Kaufman, Jay S. (2010). Marginalia: Comparing Adjusted Effect Measures. Epidemiology, 21(4), 490-493.


It has long been known that conditioning on the determinants of exposure can reduce confounding bias when estimating causal effects.1 This insight led to the development of propensity score methods 2 and inverse-probability-of-treatment weighting.3 The latter technique is used for the estimation of marginal structural models, where the word “marginal” in this name refers to the potential outcomes Y | SET(X = x) for exposure X, since this model estimates the marginal distribution of these (counterfactual) quantities. Inverse probability of treatment has also been shown to be equivalent to standardization for point-time treatment models.4,5 Confounding has traditionally been combated with a variety of techniques in epidemiologic research, and some important distinctions in the interpretations generated by these techniques are often overlooked in practice.
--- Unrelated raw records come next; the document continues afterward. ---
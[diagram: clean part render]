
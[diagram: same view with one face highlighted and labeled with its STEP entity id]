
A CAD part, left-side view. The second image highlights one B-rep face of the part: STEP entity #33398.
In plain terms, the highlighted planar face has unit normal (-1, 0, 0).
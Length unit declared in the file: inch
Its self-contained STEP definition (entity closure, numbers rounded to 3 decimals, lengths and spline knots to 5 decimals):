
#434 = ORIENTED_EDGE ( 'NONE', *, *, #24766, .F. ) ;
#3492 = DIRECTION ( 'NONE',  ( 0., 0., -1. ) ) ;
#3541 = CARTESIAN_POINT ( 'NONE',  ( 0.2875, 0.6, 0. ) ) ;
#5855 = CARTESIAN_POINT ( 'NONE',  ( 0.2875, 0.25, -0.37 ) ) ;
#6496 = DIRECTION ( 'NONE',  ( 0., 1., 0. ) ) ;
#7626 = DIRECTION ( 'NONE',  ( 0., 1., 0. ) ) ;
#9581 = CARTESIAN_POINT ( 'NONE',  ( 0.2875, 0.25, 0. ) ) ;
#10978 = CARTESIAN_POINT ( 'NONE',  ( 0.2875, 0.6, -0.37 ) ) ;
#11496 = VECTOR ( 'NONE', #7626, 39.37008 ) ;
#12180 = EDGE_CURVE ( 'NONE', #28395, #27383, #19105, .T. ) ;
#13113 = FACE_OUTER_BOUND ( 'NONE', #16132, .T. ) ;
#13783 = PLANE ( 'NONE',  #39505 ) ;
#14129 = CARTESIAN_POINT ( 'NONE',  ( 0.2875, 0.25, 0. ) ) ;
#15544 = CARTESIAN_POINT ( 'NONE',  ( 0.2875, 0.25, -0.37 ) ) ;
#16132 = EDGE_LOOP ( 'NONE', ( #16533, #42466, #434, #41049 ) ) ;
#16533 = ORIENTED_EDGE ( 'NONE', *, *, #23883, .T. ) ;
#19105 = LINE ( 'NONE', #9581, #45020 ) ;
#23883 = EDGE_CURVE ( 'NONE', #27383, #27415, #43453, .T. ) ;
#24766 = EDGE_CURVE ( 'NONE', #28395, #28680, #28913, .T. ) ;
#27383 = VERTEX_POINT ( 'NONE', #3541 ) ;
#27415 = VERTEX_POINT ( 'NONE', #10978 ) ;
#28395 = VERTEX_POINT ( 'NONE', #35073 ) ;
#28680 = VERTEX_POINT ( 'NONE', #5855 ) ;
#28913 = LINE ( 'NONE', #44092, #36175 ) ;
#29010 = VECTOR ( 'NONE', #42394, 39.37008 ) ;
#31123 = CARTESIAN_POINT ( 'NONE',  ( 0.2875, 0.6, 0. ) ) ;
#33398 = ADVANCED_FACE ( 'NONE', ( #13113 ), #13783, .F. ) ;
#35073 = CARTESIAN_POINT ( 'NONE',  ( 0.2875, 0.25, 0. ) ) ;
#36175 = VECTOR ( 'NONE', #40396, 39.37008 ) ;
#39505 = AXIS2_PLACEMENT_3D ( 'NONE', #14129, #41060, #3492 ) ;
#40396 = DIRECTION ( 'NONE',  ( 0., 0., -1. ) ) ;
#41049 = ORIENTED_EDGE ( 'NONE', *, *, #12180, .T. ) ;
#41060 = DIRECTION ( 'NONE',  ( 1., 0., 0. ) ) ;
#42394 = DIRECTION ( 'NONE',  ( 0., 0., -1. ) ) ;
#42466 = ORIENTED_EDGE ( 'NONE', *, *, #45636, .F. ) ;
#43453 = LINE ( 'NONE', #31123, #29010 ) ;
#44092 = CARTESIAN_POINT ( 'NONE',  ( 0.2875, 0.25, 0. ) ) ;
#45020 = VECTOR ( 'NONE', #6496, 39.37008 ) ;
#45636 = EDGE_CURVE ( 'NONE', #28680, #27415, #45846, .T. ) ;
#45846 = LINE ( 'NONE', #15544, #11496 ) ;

In this brief comment, I note that effect measures adjusted simply via inverse probability of treatment weights have a marginal interpretation with respect to the covariates, and in this sense the word “marginal” has nothing to do with the first word in “marginal structural models.” Moreover, stabilization of the weights in a marginal structural model can change this interpretation from marginal to conditional—a potentially important consequence that appears to have not yet been widely discussed in published work. This can have implications for interpretation of effect estimates and for comparison of adjusted effect measures across different models.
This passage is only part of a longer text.